13. October 2011. | 09:27

Source: MIA

The World Bank is satisfied from the development of Macedonian economy following the 2009 global recession, projecting a 3-4 percent GDP growth, says Jane Armitage, World Bank Regional Coordinator for Southeast Europe.

The World Bank is satisfied from the development of Macedonian economy following the 2009 global recession, projecting a 3-4 percent GDP growth, says Jane Armitage, World Bank Regional Coordinator for Southeast Europe.

Armitage stresses in an interview with Voice of America in Macedonian Language the country's low indebtedness in the public sector as a factor for sound macroeconomic policy.

"Macedonia has a much lower indebtedness in the public sector, ranging between 25 and 26 percent. There are countries with 45, event 60 percent indebtedness in the region. Macedonia is more resistant to new crises due to the long-standing sound macroeconomic policy. Its fiscal deficit of about 2.5 percent is significantly lower compared to neighboring countries. This is a very good position in a time when the situation can become more difficult", assesses Armitage.
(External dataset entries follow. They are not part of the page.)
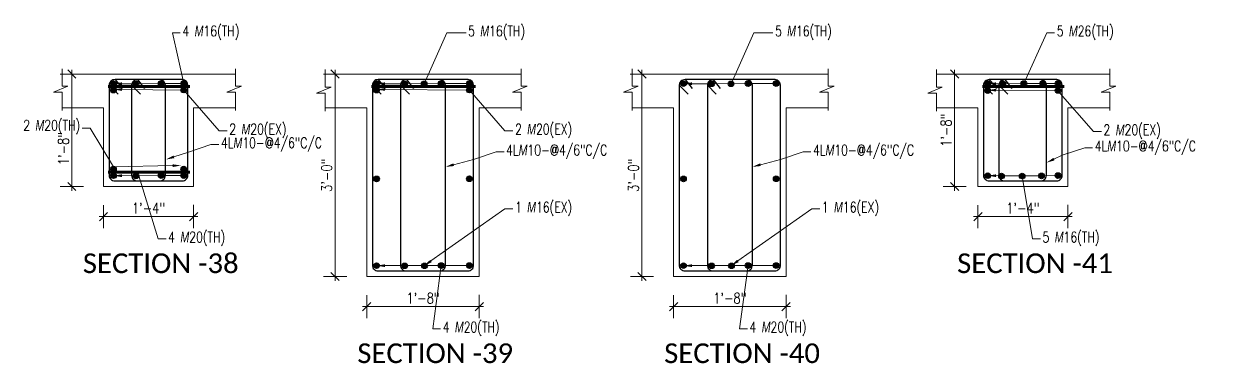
# Model space of a CAD drawing. Header units: inches. Extents: x 0 to 162649, y -36601 to -26324.
# Drawn here: x 157417.9 to 157628.6, y -36599.2 to -36538.8 of the extents above; entities that cross this region are included whole.
import ezdxf
from ezdxf import colors
from ezdxf.entities.mleader import LeaderData, LeaderLine
from ezdxf.math import Vec2, Vec3

# ---------------------------------------------------------------- set-up
doc = ezdxf.new("R2010")
doc.units = ezdxf.units.IN
doc.header["$MEASUREMENT"] = 0
for name, color, linetype, lineweight in [('Dim', 1, 'Continuous', 13), ('hatch', 252, 'Continuous', 0), ('OL_AR_Text', 140, 'Continuous', 5), ('Rein', 3, 'Continuous', 30), ('Stirrups', 191, 'Continuous', 25), ('TEXT', 7, 'Continuous', 9)]:
    doc.layers.add(name, color=color, linetype=linetype, lineweight=lineweight)
doc.styles.add('1-8 Annotative Text', font='calibri.ttf', dxfattribs={"height": 0.125})
doc.styles.add('DIM', font='simplex.shx', dxfattribs={"width": 0.75})
doc.styles.add('rmtext', font='romans.shx', dxfattribs={"width": 0.8})
doc.dimstyles.new('DIM-24', dxfattribs={"dimscale": 24, "dimtxt": 0.078125, "dimasz": 0.0625, "dimexe": 0.0625, "dimexo": 0.015625, "dimgap": 0.015625, "dimtad": 1, "dimdec": 1, "dimzin": 3, "dimdsep": 46, "dimlunit": 4, "dimtxsty": 'rmtext', "dimblk": 'OBLIQUE', "dimcen": 0.09375, "dimdle": 0.03125, "dimclrd": 1, "dimclre": 1, "dimclrt": 2, "dimadec": 0, "dimazin": 0, "dimtfac": 0.75, "dimtdec": 1, "dimtix": 1, "dimtmove": 0, "dimatfit": 3, "dimfxl": 0.0625, "dimfxlon": 1, "dimfrac": 1, "dimtolj": 1, "dimtzin": 0, "dimlwd": -1, "dimlwe": 5, "dimarcsym": 0})

# ---------------------------------------------------------------- blocks, each defined once
blk = doc.blocks.new('_Oblique')
for p, q in [((-0.49, -0.49), (0.49, 0.49)), ((0, -1.37), (0, 1.38))]:
    blk.add_line(p, q)
blk = doc.blocks.new('*D289')
at = {"layer": 'Defpoints', "color": 0, "transparency": 16777216}
for p in [(157432.08, -36567.75), (157448.08, -36567.75), (157448.08, -36573.1)]:
    blk.add_point(p, dxfattribs=at)
at = {"layer": 'Dim', "color": 1, "transparency": 16777216}
blk.add_line((157431.33, -36573.1), (157448.83, -36573.1), dxfattribs=at)
at = {"layer": 'Dim', "color": 1, "lineweight": 5, "transparency": 16777216}
for p, q in [((157432.08, -36571.6), (157432.08, -36574.6)), ((157448.08, -36571.6), (157448.08, -36574.6))]:
    blk.add_line(p, q, dxfattribs=at)
at = {"layer": 'Dim', "color": 1, "transparency": 16777216, "xscale": 1.5, "yscale": 1.5, "zscale": 1.5, "rotation": 180}
blk.add_blockref('_Oblique', (157432.08, -36573.1), dxfattribs=at)
at = {"layer": 'Dim', "color": 1, "transparency": 16777216, "xscale": 1.5, "yscale": 1.5, "zscale": 1.5}
blk.add_blockref('_Oblique', (157448.08, -36573.1), dxfattribs=at)
at = {"layer": 'Dim', "color": 2, "transparency": 16777216, "insert": (157440.08, -36571.61), "char_height": 1.875, "attachment_point": 5, "style": 'rmtext'}
blk.add_mtext('\\A1;1\'-4"', dxfattribs=at)
blk = doc.blocks.new('*D290')
at = {"layer": 'Defpoints', "color": 0, "transparency": 16777216}
for p in [(157426.45, -36547.75), (157432.08, -36547.75), (157432.08, -36567.75)]:
    blk.add_point(p, dxfattribs=at)
at = {"layer": 'Dim', "color": 1, "lineweight": 5, "transparency": 16777216}
for p, q in [((157427.95, -36547.75), (157424.95, -36547.75)), ((157427.95, -36567.75), (157424.95, -36567.75))]:
    blk.add_line(p, q, dxfattribs=at)
at = {"layer": 'Dim', "color": 1, "transparency": 16777216}
blk.add_line((157426.45, -36568.5), (157426.45, -36547), dxfattribs=at)
at = {"layer": 'Dim', "color": 1, "transparency": 16777216, "xscale": 1.5, "yscale": 1.5, "zscale": 1.5}
for p, rotation in [((157426.45, -36547.75), 90), ((157426.45, -36567.75), 270)]:
    blk.add_blockref('_Oblique', p, dxfattribs=dict(at, rotation=rotation))
at = {"layer": 'Dim', "color": 2, "transparency": 16777216, "insert": (157424.96, -36561.01), "char_height": 1.875, "attachment_point": 5, "rotation": 90, "style": 'rmtext'}
blk.add_mtext('\\A1;1\'-8"', dxfattribs=at)
blk = doc.blocks.new('*D468')
at = {"layer": 'Defpoints', "color": 0, "transparency": 16777216}
for p in [(157478.86, -36583.75), (157498.86, -36583.75), (157498.86, -36589.1)]:
    blk.add_point(p, dxfattribs=at)
at = {"layer": 'Dim', "color": 1, "lineweight": 5, "transparency": 16777216}
for p, q in [((157478.86, -36587.6), (157478.86, -36590.6)), ((157498.86, -36587.6), (157498.86, -36590.6))]:
    blk.add_line(p, q, dxfattribs=at)
at = {"layer": 'Dim', "color": 1, "transparency": 16777216}
blk.add_line((157478.11, -36589.1), (157499.61, -36589.1), dxfattribs=at)
at = {"layer": 'Dim', "color": 1, "transparency": 16777216, "xscale": 1.5, "yscale": 1.5, "zscale": 1.5, "rotation": 180}
blk.add_blockref('_Oblique', (157478.86, -36589.1), dxfattribs=at)
at = {"layer": 'Dim', "color": 1, "transparency": 16777216, "xscale": 1.5, "yscale": 1.5, "zscale": 1.5}
blk.add_blockref('_Oblique', (157498.86, -36589.1), dxfattribs=at)
at = {"layer": 'Dim', "color": 2, "transparency": 16777216, "insert": (157488.86, -36587.61), "char_height": 1.875, "attachment_point": 5, "style": 'rmtext'}
blk.add_mtext('\\A1;1\'-8"', dxfattribs=at)
blk = doc.blocks.new('*D469')
at = {"layer": 'Defpoints', "color": 0, "transparency": 16777216}
for p in [(157473.23, -36547.75), (157478.86, -36547.75), (157478.86, -36583.75)]:
    blk.add_point(p, dxfattribs=at)
at = {"layer": 'Dim', "color": 1, "lineweight": 5, "transparency": 16777216}
for p, q in [((157474.73, -36547.75), (157471.73, -36547.75)), ((157474.73, -36583.75), (157471.73, -36583.75))]:
    blk.add_line(p, q, dxfattribs=at)
at = {"layer": 'Dim', "color": 1, "transparency": 16777216}
blk.add_line((157473.23, -36584.5), (157473.23, -36547), dxfattribs=at)
at = {"layer": 'Dim', "color": 1, "transparency": 16777216, "xscale": 1.5, "yscale": 1.5, "zscale": 1.5}
for p, rotation in [((157473.23, -36547.75), 90), ((157473.23, -36583.75), 270)]:
    blk.add_blockref('_Oblique', p, dxfattribs=dict(at, rotation=rotation))
at = {"layer": 'Dim', "color": 2, "transparency": 16777216, "insert": (157471.74, -36565.75), "char_height": 1.875, "attachment_point": 5, "rotation": 90, "style": 'rmtext'}
blk.add_mtext('\\A1;3\'-0"', dxfattribs=at)
blk = doc.blocks.new('*D470')
at = {"layer": 'Defpoints', "color": 0, "transparency": 16777216}
for p in [(157533.4, -36583.75), (157553.4, -36583.75), (157553.4, -36589.1)]:
    blk.add_point(p, dxfattribs=at)
at = {"layer": 'Dim', "color": 1, "lineweight": 5, "transparency": 16777216}
for p, q in [((157533.4, -36587.6), (157533.4, -36590.6)), ((157553.4, -36587.6), (157553.4, -36590.6))]:
    blk.add_line(p, q, dxfattribs=at)
at = {"layer": 'Dim', "color": 1, "transparency": 16777216}
blk.add_line((157532.65, -36589.1), (157554.15, -36589.1), dxfattribs=at)
at = {"layer": 'Dim', "color": 1, "transparency": 16777216, "xscale": 1.5, "yscale": 1.5, "zscale": 1.5, "rotation": 180}
blk.add_blockref('_Oblique', (157533.4, -36589.1), dxfattribs=at)
at = {"layer": 'Dim', "color": 1, "transparency": 16777216, "xscale": 1.5, "yscale": 1.5, "zscale": 1.5}
blk.add_blockref('_Oblique', (157553.4, -36589.1), dxfattribs=at)
at = {"layer": 'Dim', "color": 2, "transparency": 16777216, "insert": (157543.4, -36587.61), "char_height": 1.875, "attachment_point": 5, "style": 'rmtext'}
blk.add_mtext('\\A1;1\'-8"', dxfattribs=at)
blk = doc.blocks.new('*D471')
at = {"layer": 'Defpoints', "color": 0, "transparency": 16777216}
for p in [(157527.77, -36547.75), (157533.4, -36547.75), (157533.4, -36583.75)]:
    blk.add_point(p, dxfattribs=at)
at = {"layer": 'Dim', "color": 1, "lineweight": 5, "transparency": 16777216}
for p, q in [((157529.27, -36547.75), (157526.27, -36547.75)), ((157529.27, -36583.75), (157526.27, -36583.75))]:
    blk.add_line(p, q, dxfattribs=at)
at = {"layer": 'Dim', "color": 1, "transparency": 16777216}
blk.add_line((157527.77, -36584.5), (157527.77, -36547), dxfattribs=at)
at = {"layer": 'Dim', "color": 1, "transparency": 16777216, "xscale": 1.5, "yscale": 1.5, "zscale": 1.5}
for p, rotation in [((157527.77, -36547.75), 90), ((157527.77, -36583.75), 270)]:
    blk.add_blockref('_Oblique', p, dxfattribs=dict(at, rotation=rotation))
at = {"layer": 'Dim', "color": 2, "transparency": 16777216, "insert": (157526.28, -36565.75), "char_height": 1.875, "attachment_point": 5, "rotation": 90, "style": 'rmtext'}
blk.add_mtext('\\A1;3\'-0"', dxfattribs=at)
blk = doc.blocks.new('*D472')
at = {"layer": 'Defpoints', "color": 0, "transparency": 16777216}
for p in [(157587.48, -36567.75), (157603.48, -36567.75), (157603.48, -36573.1)]:
    blk.add_point(p, dxfattribs=at)
at = {"layer": 'Dim', "color": 1, "transparency": 16777216}
blk.add_line((157586.73, -36573.1), (157604.23, -36573.1), dxfattribs=at)
at = {"layer": 'Dim', "color": 1, "lineweight": 5, "transparency": 16777216}
for p, q in [((157587.48, -36571.6), (157587.48, -36574.6)), ((157603.48, -36571.6), (157603.48, -36574.6))]:
    blk.add_line(p, q, dxfattribs=at)
at = {"layer": 'Dim', "color": 1, "transparency": 16777216, "xscale": 1.5, "yscale": 1.5, "zscale": 1.5, "rotation": 180}
blk.add_blockref('_Oblique', (157587.48, -36573.1), dxfattribs=at)
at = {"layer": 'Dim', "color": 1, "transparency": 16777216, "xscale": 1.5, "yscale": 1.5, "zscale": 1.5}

She recommends continuation of such macroeconomic policy, increased competitiveness through enhancement of labor skills, education reforms, improvement of business climate and more investments in infrastructure.

"It is not enough to have cheap workforce. Macedonia should not be competitive because it has cheap workforce. This means lower living standard. Highly-trained staff is required, which will be competitive and enable export", says Armitage.

The World Bank official adds that the Greek crisis could have serious effects on Macedonia, Albania and other Balkan states.

"Greece is an important trading partner for Macedonia. If growth drops there, this is bad news for Macedonian export. Maybe it will be complemented with export in other countries, but most of it goes through the Thessaloniki port, which could not operate because of strikes and protests. If general uncertainty in Greece expands in neighboring countries, this will have a reflection on their economic growth, including Macedonia", says Armitage.

However, the World Bank is not concerned for the main Greek banks in Macedonia for now, since they show proper liquidity and capital.